Question

Robert recorded the number of calls he made at work during the week:

Day Calls
Monday 20
Tuesday 12
Wednesday 10
Thursday 18

He expected to make 15 calls each day. To determine whether the number of calls follows a uniform distribution, a chi-square test for goodness of fit should be performed (alpha = 0.05).



Using the data above, what is the chi-square test statistic?

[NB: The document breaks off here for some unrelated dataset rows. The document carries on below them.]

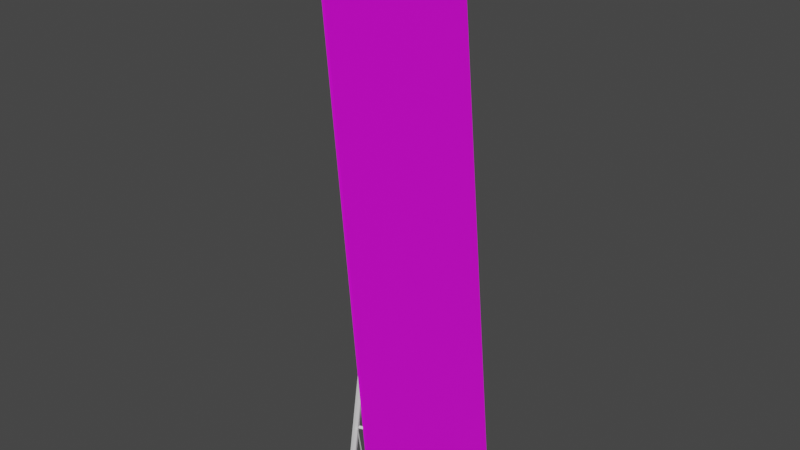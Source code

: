 # Source: StandBanner.blend  (saved by Blender 2.93.21; exported with 4.5.12 LTS)
import bpy
from mathutils import Matrix  # noqa: F401  (used for matrix-valued properties, if any)

bpy.ops.wm.read_factory_settings(use_empty=True)
scene = bpy.context.scene
scene.name = 'Scene'

# ---- collections
col_collection = bpy.data.collections.new('Collection'); scene.collection.children.link(col_collection)

# ---- images (referenced by path relative to the original .blend; pixels are not part of the script)
import os
ASSET_DIR = os.environ.get("B2B_ASSET_DIR", "")  # directory of the original .blend (textures are referenced by path, not embedded)
HERE = os.path.dirname(os.path.abspath(__file__))  # packed textures are extracted next to this script under _unpacked/

def load_image(name, relpath, width, height, colorspace="sRGB"):
    """Load a texture the original file referenced (path relative to the .blend, or extracted next to this script)."""
    p = next((c for c in (os.path.join(HERE, relpath), os.path.join(ASSET_DIR, relpath)) if relpath and os.path.exists(c)), "")
    if p:
        img = bpy.data.images.load(p, check_existing=True)
        img.name = name
    else:  # same state as the original file: an image datablock whose file is absent (Cycles renders it pink)
        img = bpy.data.images.new(name, width, height)
        img.source = "FILE"
        img.filepath = "//" + (relpath or name)
    img.colorspace_settings.name = colorspace
    return img
img_aduv_png = load_image('aDUV.png', 'aDUV.png', 1024, 1024, 'sRGB')

# ---- materials (node trees are filled in below, after node groups)
mat_adtexture = bpy.data.materials.new('AdTexture')
mat_adtexture.use_transparent_shadow = False

# ---- material node trees
mat_adtexture.use_nodes = True; mat_adtexture.node_tree.nodes.clear()
_N = mat_adtexture.node_tree.nodes; _L = mat_adtexture.node_tree.links
n0 = _N.new('ShaderNodeBsdfPrincipled'); n0.name = 'Principled BSDF'; n0.location = (10, 300)
n0.distribution = 'GGX'
n0.subsurface_method = 'BURLEY'
n0.inputs[3].default_value = 1.45
n0.inputs[27].default_value = (0.0, 0.0, 0.0, 1.0)
n0.inputs[28].default_value = 1.0
n1 = _N.new('ShaderNodeOutputMaterial'); n1.name = 'Material Output'; n1.location = (300, 300)
n2 = _N.new('ShaderNodeTexImage'); n2.name = 'Image Texture'; n2.location = (-280, 280)
n2.image = img_aduv_png
_L.new(n0.outputs[0], n1.inputs[0])
_L.new(n2.outputs[0], n0.inputs[0])
n1.is_active_output = True

# ---- world
world_world = bpy.data.worlds.new('World'); scene.world = world_world
world_world.use_nodes = True; world_world.node_tree.nodes.clear()
_N = world_world.node_tree.nodes; _L = world_world.node_tree.links
n0 = _N.new('ShaderNodeOutputWorld'); n0.name = 'World Output'; n0.location = (300, 300)
n1 = _N.new('ShaderNodeBackground'); n1.name = 'Background'; n1.location = (10, 300)
n1.inputs[0].default_value = (0.05088, 0.05088, 0.05088, 1.0)
_L.new(n1.outputs[0], n0.inputs[0])
n0.is_active_output = True
world_world.color = (0.05088, 0.05088, 0.05088)
world_world.use_sun_shadow = False
world_world.sun_shadow_jitter_overblur = 0.0

# ---- meshes
me_cube_338 = bpy.data.meshes.new('Cube.338')
me_cube_338.from_pydata([(-0.0166, -1.0, -1.0), (-0.0166, -1.0, 1.0), (-0.0166, 1.0, -1.0), (-0.0166, 1.0, 1.0), (0.0166, -1.0, -1.0), (0.0166, -1.0, 1.0), (0.0166, 1.0, -1.0), (0.0166, 1.0, 1.0), (-0.0166, 0.8182, -1.0), (-0.0166, 0.6364, -1.0), (-0.0166, 0.4545, -1.0), (-0.0166, 0.2727, -1.0), (-0.0166, 0.09091, -1.0), (-0.0166, -0.09091, -1.0), (-0.0166, -0.2727, -1.0), (-0.0166, -0.4545, -1.0), (-0.0166, -0.6364, -1.0), (-0.0166, -0.8182, -1.0), (-0.0166, -1.0, -0.8182), (-0.0166, -1.0, -0.6364), (-0.0166, -1.0, -0.4545), (-0.0166, -1.0, -0.2727), (-0.0166, -1.0, -0.09091), (-0.0166, -1.0, 0.09091), (-0.0166, -1.0, 0.2727), (-0.0166, -1.0, 0.4545), (-0.0166, -1.0, 0.6364), (-0.0166, -1.0, 0.8182), (-0.0166, -0.8182, 1.0), (-0.0166, -0.6364, 1.0), (-0.0166, -0.4545, 1.0), (-0.0166, -0.2727, 1.0), (-0.0166, -0.09091, 1.0), (-0.0166, 0.09091, 1.0), (-0.0166, 0.2727, 1.0), (-0.0166, 0.4545, 1.0), (-0.0166, 0.6364, 1.0), (-0.0166, 0.8182, 1.0), (-0.0166, 1.0, 0.8182), (-0.0166, 1.0, 0.6364), (-0.0166, 1.0, 0.4545), (-0.0166, 1.0, 0.2727), (-0.0166, 1.0, 0.09091), (-0.0166, 1.0, -0.09091), (-0.0166, 1.0, -0.2727), (-0.0166, 1.0, -0.4545), (-0.0166, 1.0, -0.6364), (-0.0166, 1.0, -0.8182), (0.0166, 1.0, 0.8182), (0.0166, 1.0, 0.6364), (0.0166, 1.0, 0.4545), (0.0166, 1.0, 0.2727), (0.0166, 1.0, 0.09091), (0.0166, 1.0, -0.09091), (0.0166, 1.0, -0.2727), (0.0166, 1.0, -0.4545), (0.0166, 1.0, -0.6364), (0.0166, 1.0, -0.8182), (0.0166, -0.8182, -1.0), (0.0166, -0.6364, -1.0), (0.0166, -0.4545, -1.0), (0.0166, -0.2727, -1.0), (0.0166, -0.09091, -1.0), (0.0166, 0.09091, -1.0), (0.0166, 0.2727, -1.0), (0.0166, 0.4545, -1.0), (0.0166, 0.6364, -1.0), (0.0166, 0.8182, -1.0), (0.0166, 0.8182, 1.0), (0.0166, 0.6364, 1.0), (0.0166, 0.4545, 1.0), (0.0166, 0.2727, 1.0), (0.0166, 0.09091, 1.0), (0.0166, -0.09091, 1.0), (0.0166, -0.2727, 1.0), (0.0166, -0.4545, 1.0), (0.0166, -0.6364, 1.0), (0.0166, -0.8182, 1.0), (0.0166, -1.0, 0.8182), (0.0166, -1.0, 0.6364), (0.0166, -1.0, 0.4545), (0.0166, -1.0, 0.2727), (0.0166, -1.0, 0.09091), (0.0166, -1.0, -0.09091), (0.0166, -1.0, -0.2727), (0.0166, -1.0, -0.4545), (0.0166, -1.0, -0.6364), (0.0166, -1.0, -0.8182), (0.0166, 0.8182, -0.8182), (0.0166, 0.6364, -0.8182), (0.0166, 0.4545, -0.8182), (0.0166, 0.2727, -0.8182), (0.0166, 0.09091, -0.8182), (0.0166, -0.09091, -0.8182), (0.0166, -0.2727, -0.8182), (0.0166, -0.4545, -0.8182), (0.0166, -0.6364, -0.8182), (0.0166, -0.8182, -0.8182), (0.0166, 0.8182, -0.6364), (0.0166, 0.6364, -0.6364), (0.0166, 0.4545, -0.6364), (0.0166, 0.2727, -0.6364), (0.0166, 0.09091, -0.6364), (0.0166, -0.09091, -0.6364), (0.0166, -0.2727, -0.6364), (0.0166, -0.4545, -0.6364), (0.0166, -0.6364, -0.6364), (0.0166, -0.8182, -0.6364), (0.0166, 0.8182, -0.4545), (0.0166, 0.6364, -0.4545), (0.0166, 0.4545, -0.4545), (0.0166, 0.2727, -0.4545), (0.0166, 0.09091, -0.4545), (0.0166, -0.09091, -0.4545), (0.0166, -0.2727, -0.4545), (0.0166, -0.4545, -0.4545), (0.0166, -0.6364, -0.4545), (0.0166, -0.8182, -0.4545), (0.0166, 0.8182, -0.2727), (0.0166, 0.6364, -0.2727), (0.0166, 0.4545, -0.2727), (0.0166, 0.2727, -0.2727), (0.0166, 0.09091, -0.2727), (0.0166, -0.09091, -0.2727), (0.0166, -0.2727, -0.2727), (0.0166, -0.4545, -0.2727), (0.0166, -0.6364, -0.2727), (0.0166, -0.8182, -0.2727), (0.0166, 0.8182, -0.09091), (0.0166, 0.6364, -0.09091), (0.0166, 0.4545, -0.09091), (0.0166, 0.2727, -0.09091), (0.0166, 0.09091, -0.09091), (0.0166, -0.09091, -0.09091), (0.0166, -0.2727, -0.09091), (0.0166, -0.4545, -0.09091), (0.0166, -0.6364, -0.09091), (0.0166, -0.8182, -0.09091), (0.0166, 0.8182, 0.09091), (0.0166, 0.6364, 0.09091), (0.0166, 0.4545, 0.09091), (0.0166, 0.2727, 0.09091), (0.0166, 0.09091, 0.09091), (0.0166, -0.09091, 0.09091), (0.0166, -0.2727, 0.09091), (0.0166, -0.4545, 0.09091), (0.0166, -0.6364, 0.09091), (0.0166, -0.8182, 0.09091), (0.0166, 0.8182, 0.2727), (0.0166, 0.6364, 0.2727), (0.0166, 0.4545, 0.2727), (0.0166, 0.2727, 0.2727), (0.0166, 0.09091, 0.2727), (0.0166, -0.09091, 0.2727), (0.0166, -0.2727, 0.2727), (0.0166, -0.4545, 0.2727), (0.0166, -0.6364, 0.2727), (0.0166, -0.8182, 0.2727), (0.0166, 0.8182, 0.4545), (0.0166, 0.6364, 0.4545), (0.0166, 0.4545, 0.4545), (0.0166, 0.2727, 0.4545), (0.0166, 0.09091, 0.4545), (0.0166, -0.09091, 0.4545), (0.0166, -0.2727, 0.4545), (0.0166, -0.4545, 0.4545), (0.0166, -0.6364, 0.4545), (0.0166, -0.8182, 0.4545), (0.0166, 0.8182, 0.6364), (0.0166, 0.6364, 0.6364), (0.0166, 0.4545, 0.6364), (0.0166, 0.2727, 0.6364), (0.0166, 0.09091, 0.6364), (0.0166, -0.09091, 0.6364), (0.0166, -0.2727, 0.6364), (0.0166, -0.4545, 0.6364), (0.0166, -0.6364, 0.6364), (0.0166, -0.8182, 0.6364), (0.0166, 0.8182, 0.8182), (0.0166, 0.6364, 0.8182), (0.0166, 0.4545, 0.8182), (0.0166, 0.2727, 0.8182), (0.0166, 0.09091, 0.8182), (0.0166, -0.09091, 0.8182), (0.0166, -0.2727, 0.8182), (0.0166, -0.4545, 0.8182), (0.0166, -0.6364, 0.8182), (0.0166, -0.8182, 0.8182), (-0.0166, -0.8182, -0.8182), (-0.0166, -0.6364, -0.8182), (-0.0166, -0.4545, -0.8182), (-0.0166, -0.2727, -0.8182), (-0.0166, -0.09091, -0.8182), (-0.0166, 0.09091, -0.8182), (-0.0166, 0.2727, -0.8182), (-0.0166, 0.4545, -0.8182), (-0.0166, 0.6364, -0.8182), (-0.0166, 0.8182, -0.8182), (-0.0166, -0.8182, -0.6364), (-0.0166, -0.6364, -0.6364), (-0.0166, -0.4545, -0.6364), (-0.0166, -0.2727, -0.6364), (-0.0166, -0.09091, -0.6364), (-0.0166, 0.09091, -0.6364), (-0.0166, 0.2727, -0.6364), (-0.0166, 0.4545, -0.6364), (-0.0166, 0.6364, -0.6364), (-0.0166, 0.8182, -0.6364), (-0.0166, -0.8182, -0.4545), (-0.0166, -0.6364, -0.4545), (-0.0166, -0.4545, -0.4545), (-0.0166, -0.2727, -0.4545), (-0.0166, -0.09091, -0.4545), (-0.0166, 0.09091, -0.4545), (-0.0166, 0.2727, -0.4545), (-0.0166, 0.4545, -0.4545), (-0.0166, 0.6364, -0.4545), (-0.0166, 0.8182, -0.4545), (-0.0166, -0.8182, -0.2727), (-0.0166, -0.6364, -0.2727), (-0.0166, -0.4545, -0.2727), (-0.0166, -0.2727, -0.2727), (-0.0166, -0.09091, -0.2727), (-0.0166, 0.09091, -0.2727), (-0.0166, 0.2727, -0.2727), (-0.0166, 0.4545, -0.2727), (-0.0166, 0.6364, -0.2727), (-0.0166, 0.8182, -0.2727), (-0.0166, -0.8182, -0.09091), (-0.0166, -0.6364, -0.09091), (-0.0166, -0.4545, -0.09091), (-0.0166, -0.2727, -0.09091), (-0.0166, -0.09091, -0.09091), (-0.0166, 0.09091, -0.09091), (-0.0166, 0.2727, -0.09091), (-0.0166, 0.4545, -0.09091), (-0.0166, 0.6364, -0.09091), (-0.0166, 0.8182, -0.09091), (-0.0166, -0.8182, 0.09091), (-0.0166, -0.6364, 0.09091), (-0.0166, -0.4545, 0.09091), (-0.0166, -0.2727, 0.09091), (-0.0166, -0.09091, 0.09091), (-0.0166, 0.09091, 0.09091), (-0.0166, 0.2727, 0.09091), (-0.0166, 0.4545, 0.09091), (-0.0166, 0.6364, 0.09091), (-0.0166, 0.8182, 0.09091), (-0.0166, -0.8182, 0.2727), (-0.0166, -0.6364, 0.2727), (-0.0166, -0.4545, 0.2727), (-0.0166, -0.2727, 0.2727), (-0.0166, -0.09091, 0.2727), (-0.0166, 0.09091, 0.2727), (-0.0166, 0.2727, 0.2727), (-0.0166, 0.4545, 0.2727), (-0.0166, 0.6364, 0.2727), (-0.0166, 0.8182, 0.2727), (-0.0166, -0.8182, 0.4545), (-0.0166, -0.6364, 0.4545), (-0.0166, -0.4545, 0.4545), (-0.0166, -0.2727, 0.4545), (-0.0166, -0.09091, 0.4545), (-0.0166, 0.09091, 0.4545), (-0.0166, 0.2727, 0.4545), (-0.0166, 0.4545, 0.4545), (-0.0166, 0.6364, 0.4545), (-0.0166, 0.8182, 0.4545), (-0.0166, -0.8182, 0.6364), (-0.0166, -0.6364, 0.6364), (-0.0166, -0.4545, 0.6364), (-0.0166, -0.2727, 0.6364), (-0.0166, -0.09091, 0.6364), (-0.0166, 0.09091, 0.6364), (-0.0166, 0.2727, 0.6364), (-0.0166, 0.4545, 0.6364), (-0.0166, 0.6364, 0.6364), (-0.0166, 0.8182, 0.6364), (-0.0166, -0.8182, 0.8182), (-0.0166, -0.6364, 0.8182), (-0.0166, -0.4545, 0.8182), (-0.0166, -0.2727, 0.8182), (-0.0166, -0.09091, 0.8182), (-0.0166, 0.09091, 0.8182), (-0.0166, 0.2727, 0.8182), (-0.0166, 0.4545, 0.8182), (-0.0166, 0.6364, 0.8182), (-0.0166, 0.8182, 0.8182)], [], [(287, 37, 3, 38), (38, 3, 7, 48), (187, 77, 5, 78), (78, 5, 1, 27), (17, 58, 4, 0), (77, 28, 1, 5), (7, 3, 37, 68), (68, 37, 36, 69), (69, 36, 35, 70), (70, 35, 34, 71), (71, 34, 33, 72), (72, 33, 32, 73), (73, 32, 31, 74), (74, 31, 30, 75), (75, 30, 29, 76), (76, 29, 28, 77), (2, 6, 67, 8), (8, 67, 66, 9), (9, 66, 65, 10), (10, 65, 64, 11), (11, 64, 63, 12), (12, 63, 62, 13), (13, 62, 61, 14), (14, 61, 60, 15), (15, 60, 59, 16), (16, 59, 58, 17), (4, 87, 18, 0), (87, 86, 19, 18), (86, 85, 20, 19), (85, 84, 21, 20), (84, 83, 22, 21), (83, 82, 23, 22), (82, 81, 24, 23), (81, 80, 25, 24), (80, 79, 26, 25), (79, 78, 27, 26), (58, 97, 87, 4), (97, 107, 86, 87), (107, 117, 85, 86), (117, 127, 84, 85), (127, 137, 83, 84), (137, 147, 82, 83), (147, 157, 81, 82), (157, 167, 80, 81), (167, 177, 79, 80), (177, 187, 78, 79), (6, 57, 88, 67), (67, 88, 89, 66), (66, 89, 90, 65), (65, 90, 91, 64), (64, 91, 92, 63), (63, 92, 93, 62), (62, 93, 94, 61), (61, 94, 95, 60), (60, 95, 96, 59), (59, 96, 97, 58), (57, 56, 98, 88), (88, 98, 99, 89), (89, 99, 100, 90), (90, 100, 101, 91), (91, 101, 102, 92), (92, 102, 103, 93), (93, 103, 104, 94), (94, 104, 105, 95), (95, 105, 106, 96), (96, 106, 107, 97), (56, 55, 108, 98), (98, 108, 109, 99), (99, 109, 110, 100), (100, 110, 111, 101), (101, 111, 112, 102), (102, 112, 113, 103), (103, 113, 114, 104), (104, 114, 115, 105), (105, 115, 116, 106), (106, 116, 117, 107), (55, 54, 118, 108), (108, 118, 119, 109), (109, 119, 120, 110), (110, 120, 121, 111), (111, 121, 122, 112), (112, 122, 123, 113), (113, 123, 124, 114), (114, 124, 125, 115), (115, 125, 126, 116), (116, 126, 127, 117), (54, 53, 128, 118), (118, 128, 129, 119), (119, 129, 130, 120), (120, 130, 131, 121), (121, 131, 132, 122), (122, 132, 133, 123), (123, 133, 134, 124), (124, 134, 135, 125), (125, 135, 136, 126), (126, 136, 137, 127), (53, 52, 138, 128), (128, 138, 139, 129), (129, 139, 140, 130), (130, 140, 141, 131), (131, 141, 142, 132), (132, 142, 143, 133), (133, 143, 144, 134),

Answer choices are rounded to the hundredths place.

a.) 0.67
b.) 0.42
c.) 4.54
d.) 3.75

Answer 1

The chi-square test statistic is 4.54 after performing the goodness-of-fit calculation, which matches answer choice (c).

Step-by-step explanation:

To solve for the chi-square test statistic, you use the formula χ² = Σ[(O-E)² / E], where O is the observed frequency and E is the expected frequency. Since Robert expected to make 15 calls each day, that is our E value for each day. Let's calculate the observed minus expected, squared, divided by expected for each day and sum them up to find the chi-square test statistic.

1. Monday: Σ[(20-15)² / 15] = (25/15)
2. Tuesday: Σ[(12-15)² / 15] = (9/15)
3. Wednesday: Σ[(10-15)² / 15] = (25/15)
4. Thursday: Σ[(18-15)² / 15] = (9/15)

When we add these values, we get:

(25/15) + (9/15) + (25/15) + (9/15) = 68/15 = 4.53

After rounding to the hundredths place, the chi-square test statistic is 4.54, which corresponds to answer choice (c).